Ornithologists studying owls in the Jebel Akhdar mountain range have discovered a new species, and have named it the Omani owl (strix omanensis). Studies of its sound recordings have confirmed that it is a new species, according to Magnus Robb, a British wildlife sound-recorder and author who has recorded six Omani owls so far.

The owl was noticed in March this year when Robb and fellow researchers of Sound Approach, an international project that aims to catalogue and understand bird sound, heard an unfamiliar hooting in the background while recording sounds of another species. They believe this is the first new bird species to be discovered in the region in 77 years.

According to a statement from Sound Approach, the Omani owl is greyish white with clear, orange eyes and a deep, low-pitched hoot which distinguishes it from the other species. The owl is similar to Hume's owl that was discovered in 1878 and is found in Saudi Arabia, Jordan and some parts of Salalah.

The statement quoted Robb as saying, “I was recording a species I know well, when I noticed some faint owl-like hooting in the background with a rhythm I had never heard before. My colleague René Pop and I tried in vain to find the mystery bird again the next night, but it was only on the last night of our trip that we heard it again.”

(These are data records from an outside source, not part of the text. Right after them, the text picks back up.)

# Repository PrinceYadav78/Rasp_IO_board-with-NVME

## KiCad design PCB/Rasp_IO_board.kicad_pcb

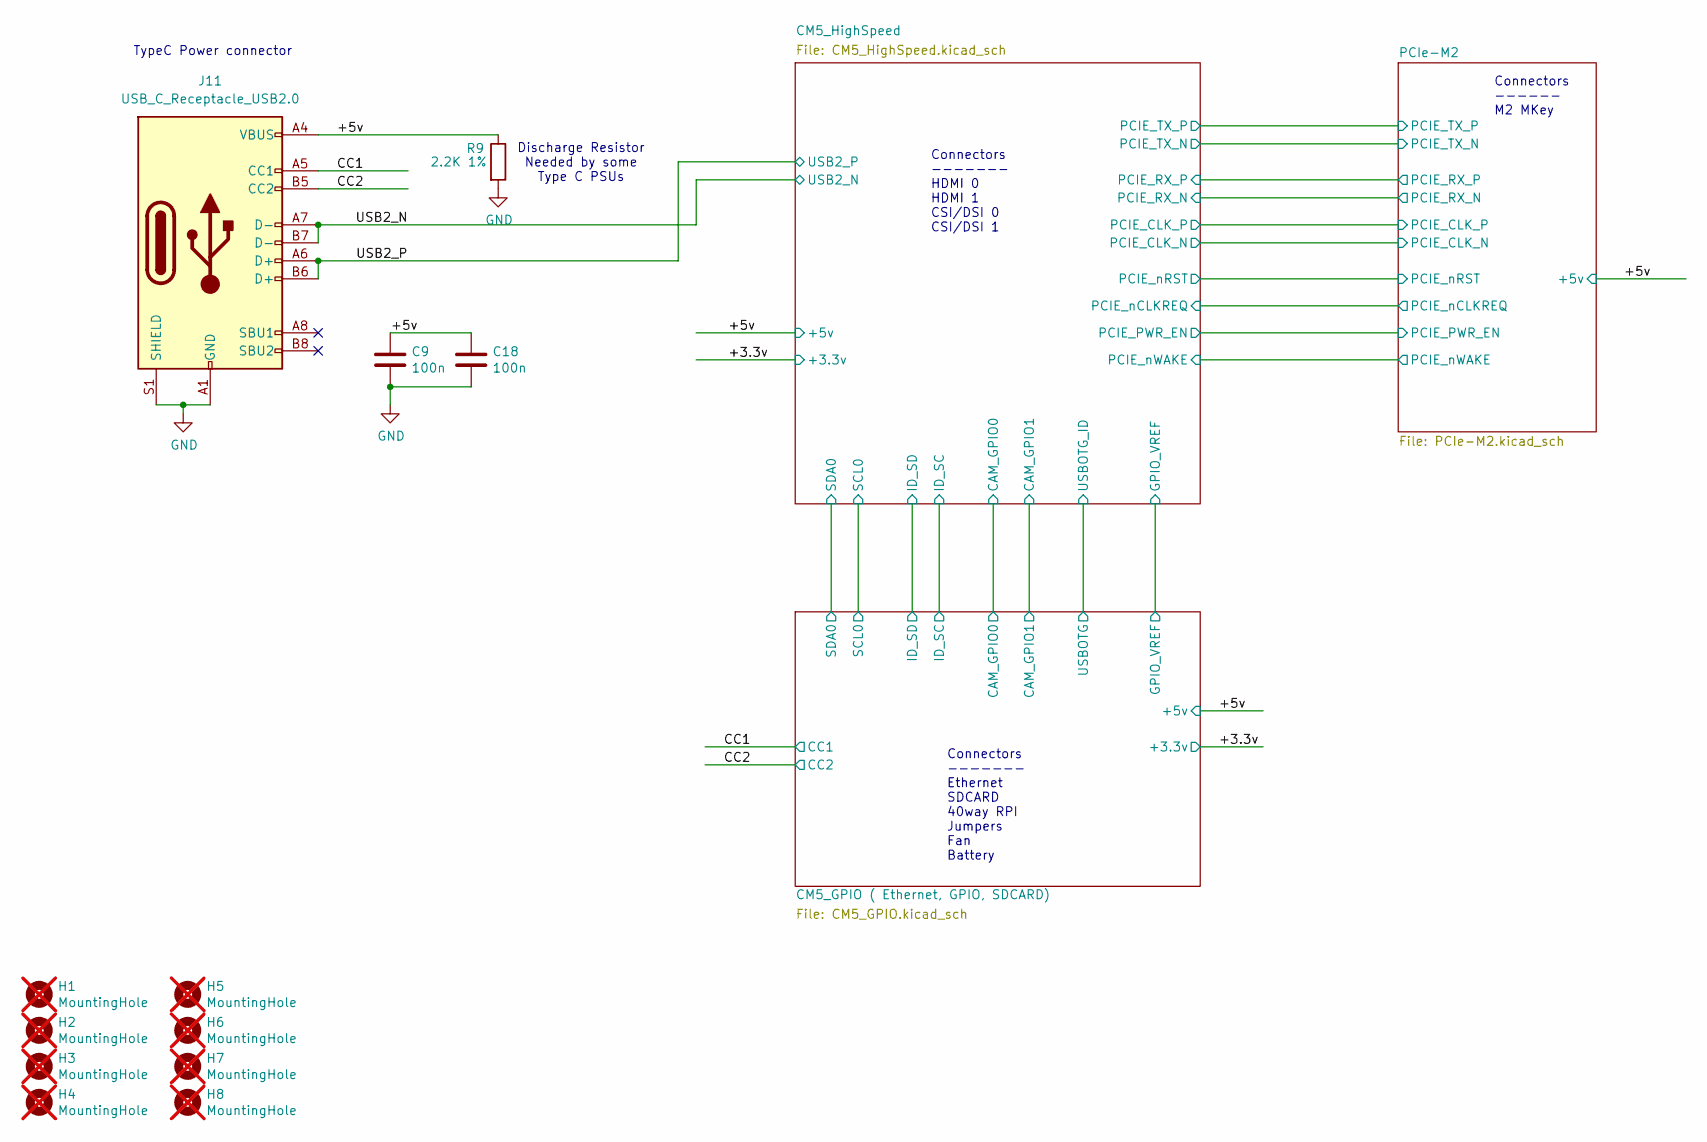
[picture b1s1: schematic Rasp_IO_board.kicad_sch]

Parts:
C9, C18: 100n; C_0402_1005Metric; Part Description 0.1uF 10% 16V Ceramic Capacitor X7R 040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
H1, H2, H3, H4, H5, H6, H7, H8: MountingHole; MountingHole_2.7mm_M2.5_DIN965; Part Description M2.5 mounting hole; not fitted
J11: USB_C_Receptacle_USB2.0; USB_C_Receptacle_GCT_USB4105-xx-A_16P_TopMnt_Horizontal; Part Description USBC USB2 data and power connector
R9: 2.2K 1%; R_0402_1005Metric; Part Description Resistor 2.2K M1005 1% 63mW

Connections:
/+5v: C9.1, C18.1, J11.A4 (VBUS), J11.A9 (VBUS), J11.B4 (VBUS), J11.B9 (VBUS), R9.1; also elsewhere on the board
/CC1: J11.A5 (CC1); also elsewhere on the board
/CC2: J11.B5 (CC2); also elsewhere on the board
/USB2_N: J11.A7 (D-), J11.B7 (D-); also elsewhere on the board
/USB2_P: J11.A6 (D+), J11.B6 (D+); also elsewhere on the board
GND: C9.2, C18.2, J11.A1 (GND), J11.A12 (GND), J11.B1 (GND), J11.B12 (GND), J11.S1 (SHIELD), R9.2; also elsewhere on the board

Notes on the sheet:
Connectors ------- Ethernet SDCARD 40way RPI Jumpers Fan Battery
Connectors ------ M2 MKey
Discharge Resistor Needed by some Type C PSUs
TypeC Power connector
Connectors ------- HDMI 0 HDMI 1 CSI/DSI 0 CSI/DSI 1

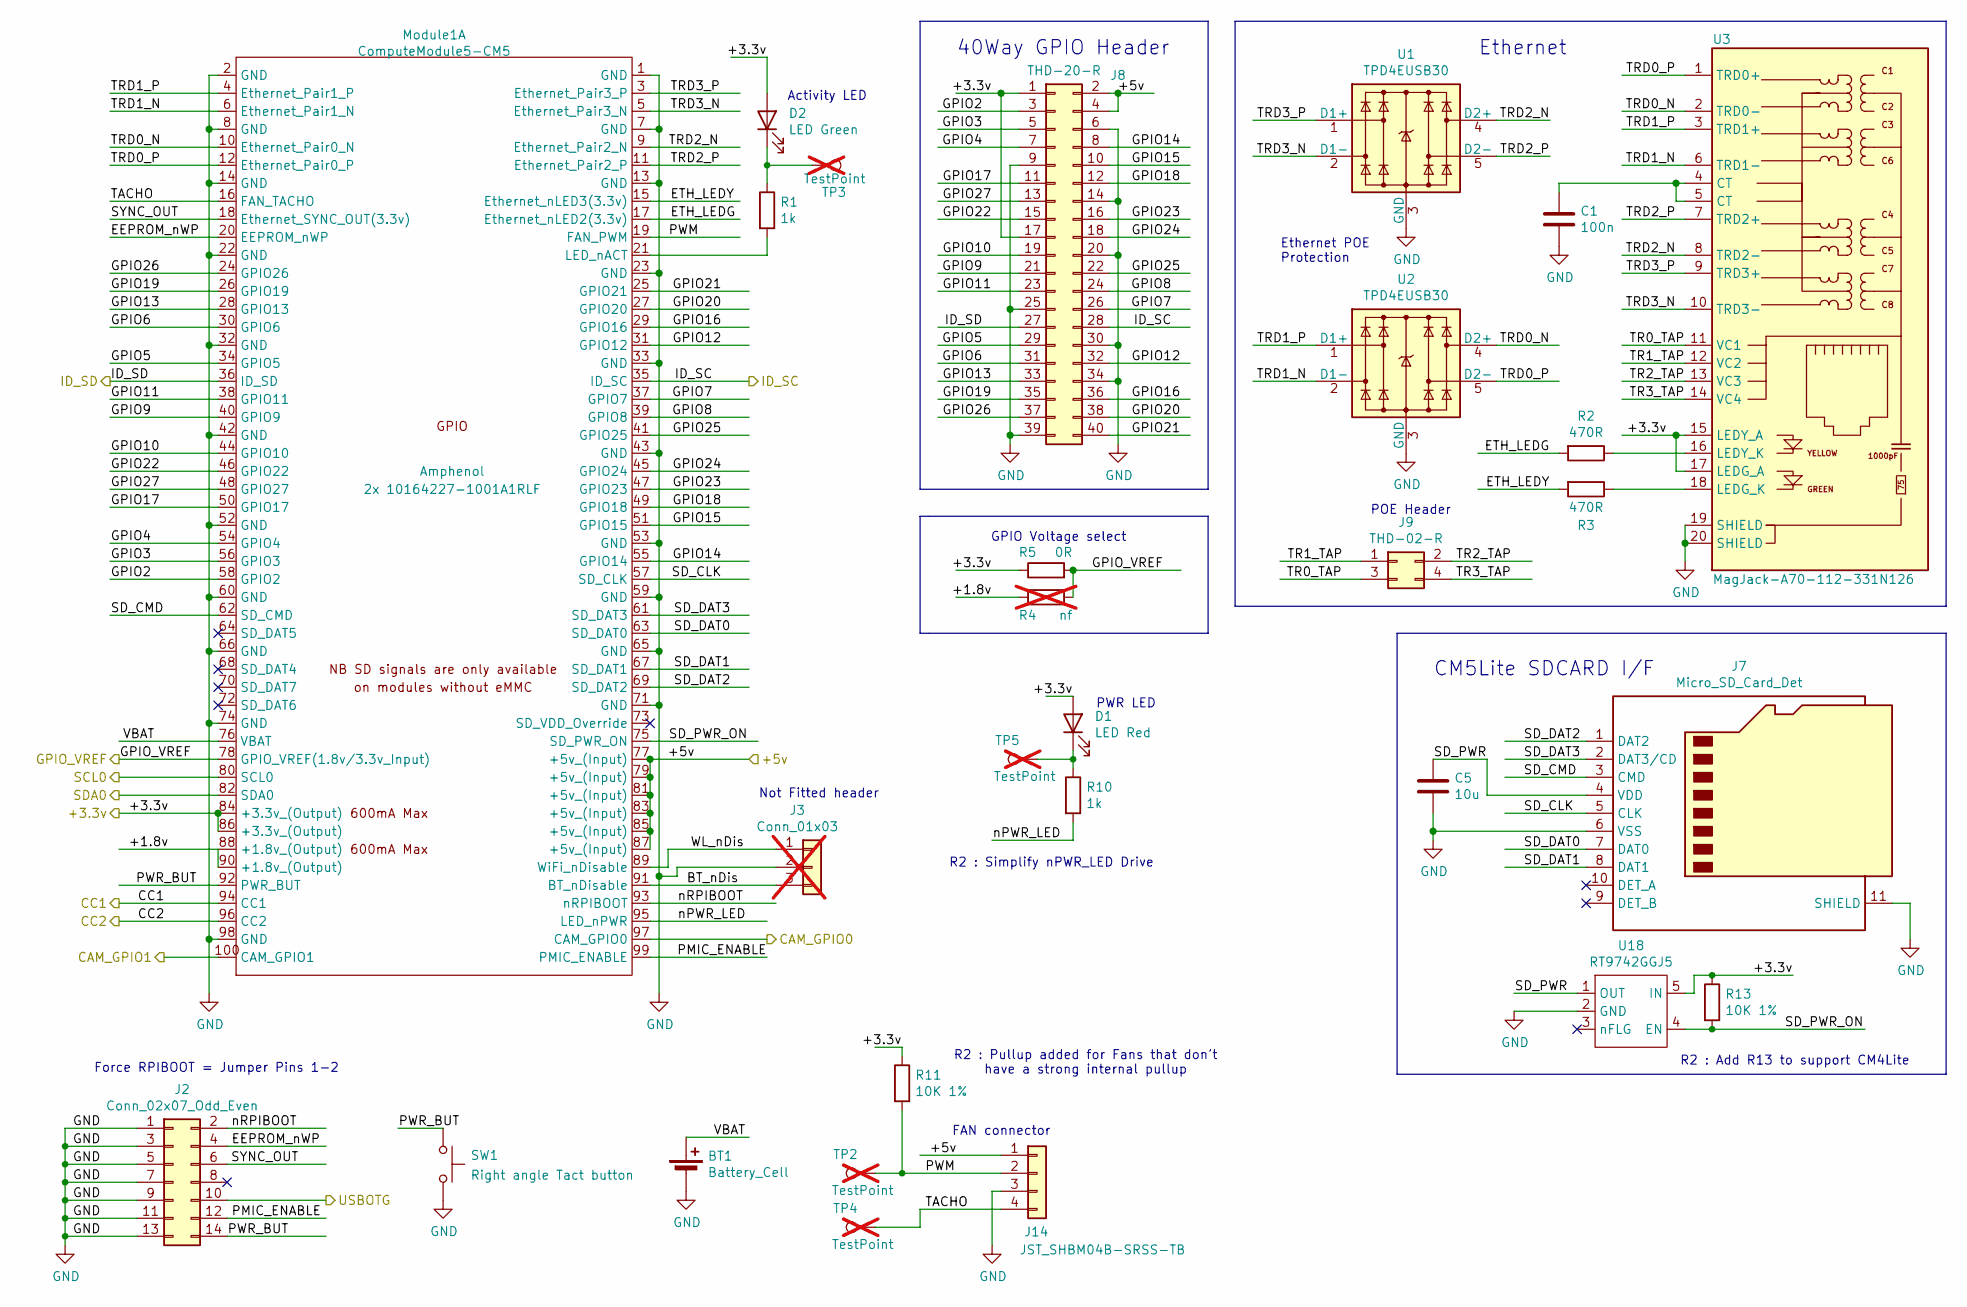
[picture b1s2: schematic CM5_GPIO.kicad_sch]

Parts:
BT1: Battery_Cell; BatteryHolder_Keystone_3034_1x20mm; Part Description Battery Retainer Coin, 20.0mm 1 Cell SM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
C1: 100n; C_0402_1005Metric; Part Description 0.1uF 10% 16V Ceramic Capacitor X7R 040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
C5: 10u; C_0805_2012Metric; Part Description 10uF 10% 10V Ceramic Capacitor X7R 0805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
D1: LED Red; LED_0603_1608Metric; Part Description Red 620nm LED Indication - Discrete 2.2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
D2: LED Green; LED_0603_1608Metric; Part Description Green 572nm LED Indication - Discrete 2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
J2: Conn_02x07_Odd_Even; PinHeader_2x07_P2.54mm_Vertical; Part Description PinHeader_2x07_P2.54mm_Vertical
J3: Conn_01x03; PinHeader_1x03_P2.54mm_Vertical; Part Description 3pin 0.1" connector; not fitted
J7: Micro_SD_Card_Det; SDCARD_MOLEX_503398-1892; Part Description 9 (8 + 1) Position Card Connector micro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
J8: THD-20-R; PinHeader_2x20_P2.54mm_Vertical; Part Description PinHeader_2x20_P2.54mm_Vertical
J9: THD-02-R; PinHeader_2x02_P2.54mm_Vertical; Part Description PinHeader_2x02_P2.54mm_Vertical
J14: JST_SHBM04B-SRSS-TB; JST_SH_BM04B-SRSS-TB_1x04-1MP_P1.00mm_Vertical; Part Description 4 pin vertical 1mm pitch connector
Module1: ComputeModule5-CM5; Raspberry-Pi-5-Compute-Module; Part Description 100 Position Connector Receptacle, Cent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
R1, R10: 1k; R_0402_1005Metric; Part Description Resistor 1K M1005 1% 63mW
R2, R3: 470R; R_0402_1005Metric; Part Description Resistor 470R M1005 1% 63mW
R4: nf; R_0805_2012Metric_Pad1.20x1.40mm_HandSolder; not fitted
R5: 0R; R_0805_2012Metric_Pad1.20x1.40mm_HandSolder; Part Description Resistor 0R M2012 5%
R11, R13: 10K 1%; R_0402_1005Metric; Part Description Resistor 10K M1005 1% 63mW
SW1: Right angle Tact button; SW_Tactile_SPST_Angled_PTS645Vx58-2LFS; Part Description Right angle through hole Tact switch
TP2, TP3, TP4, TP5: TestPoint; TestPoint_Pad_2.0x2.0mm; Part Description Test point; not fitted
U1, U2: TPD4EUSB30; USON-10_2.5x1.0mm_P0.5mm; Part Description Quad TVS diode for high speed signals (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
U3: MagJack-A70-112-331N126; TRJG0926HENL; Part Description Gigabit Ethernet Magjack
U18: RT9742GGJ5; SOT-23-5; Part Description Power Switch/Driver 1:1 N-Channel 1A TS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

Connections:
/+3.3v: D1.2 (A), D2.2 (A), J8.1, J8.17, Module1.84 (+3.3v_(Output)), Module1.86 (+3.3v_(Output)), R5.1, R11.1, R13.1, U3.15 (LEDY_A), U3.17 (LEDG_A), U18.5 (IN); also elsewhere on the board
/+5v: J8.2, J8.4, J14.1, Module1.77 (+5v_(Input)), Module1.79 (+5v_(Input)), Module1.81 (+5v_(Input)), Module1.83 (+5v_(Input)), Module1.85 (+5v_(Input)), Module1.87 (+5v_(Input)); also elsewhere on the board
/CC1: Module1.94 (CC1); also elsewhere on the board
/CC2: Module1.96 (CC2); also elsewhere on the board
/CM5_GPIO ( Ethernet, GPIO, SDCARD)/+1.8v: Module1.88 (+1.8v_(Output)), Module1.90 (+1.8v_(Output)), R4.1
/CM5_GPIO ( Ethernet, GPIO, SDCARD)/BT_nDis: J3.3, Module1.91 (BT_nDisable)
/CM5_GPIO ( Ethernet, GPIO, SDCARD)/CAM_GPIO0: Module1.97 (CAM_GPIO0); also elsewhere on the board
/CM5_GPIO ( Ethernet, GPIO, SDCARD)/CAM_GPIO1: Module1.100 (CAM_GPIO1); also elsewhere on the board
/CM5_GPIO ( Ethernet, GPIO, SDCARD)/EEPROM_nWP: J2.4, Module1.20 (EEPROM_nWP)
/CM5_GPIO ( Ethernet, GPIO, SDCARD)/ETH_LEDG: Module1.17 (Ethernet_nLED2(3.3v)), R2.2
/CM5_GPIO ( Ethernet, GPIO, SDCARD)/ETH_LEDY: Module1.15 (Ethernet_nLED3(3.3v)), R3.2
/CM5_GPIO ( Ethernet, GPIO, SDCARD)/GPIO2: J8.3, Module1.58 (GPIO2)
/CM5_GPIO ( Ethernet, GPIO, SDCARD)/GPIO3: J8.5, Module1.56 (GPIO3)
/CM5_GPIO ( Ethernet, GPIO, SDCARD)/GPIO4: J8.7, Module1.54 (GPIO4)
/CM5_GPIO ( Ethernet, GPIO, SDCARD)/GPIO5: J8.29, Module1.34 (GPIO5)
/CM5_GPIO ( Ethernet, GPIO, SDCARD)/GPIO6: J8.31, Module1.30 (GPIO6)
/CM5_GPIO ( Ethernet, GPIO, SDCARD)/GPIO7: J8.26, Module1.37 (GPIO7)
/CM5_GPIO ( Ethernet, GPIO, SDCARD)/GPIO8: J8.24, Module1.39 (GPIO8)
/CM5_GPIO ( Ethernet, GPIO, SDCARD)/GPIO9: J8.21, Module1.40 (GPIO9)
/CM5_GPIO ( Ethernet, GPIO, SDCARD)/GPIO10: J8.19, Module1.44 (GPIO10)
/CM5_GPIO ( Ethernet, GPIO, SDCARD)/GPIO11: J8.23, Module1.38 (GPIO11)
/CM5_GPIO ( Ethernet, GPIO, SDCARD)/GPIO12: J8.32, Module1.31 (GPIO12)
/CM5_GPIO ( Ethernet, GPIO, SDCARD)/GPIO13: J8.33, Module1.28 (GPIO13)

A month later, he was back in the mountains, this time accompanied by Arnoud B van den Berg, a colleague from The Sound Approach. During visits in May and July to look for new individuals and gather photographs, the team made a total of 137 sound recordings, and observed the owl's behaviour.

According to Robb who, along with his team is writing a book, 'Undiscovered Owls', “Tracking it down again wasn’t easy. This owl inhabits vertical terrain and its voice is difficult to hear. Worse still, in April the bird was virtually silent. Eventually, we heard one. What a relief to actually glimpse it perched on a rock, confirming that this was indeed an owl and looked like nothing we had seen before.”

Keith Betton, a representative of The Sound Approach, told Muscat Daily, that they ‘believe the Omani owl and Hume’s owl came from the same species thousands of years ago’.

“But over time, it got isolated and remained undiscovered. It is important as it is a rare discovery that they have found in a long period when many species are declining. We think it’s quite important and are very keen that the bird is protected. We hope the bird is protected in its natural surroundings.”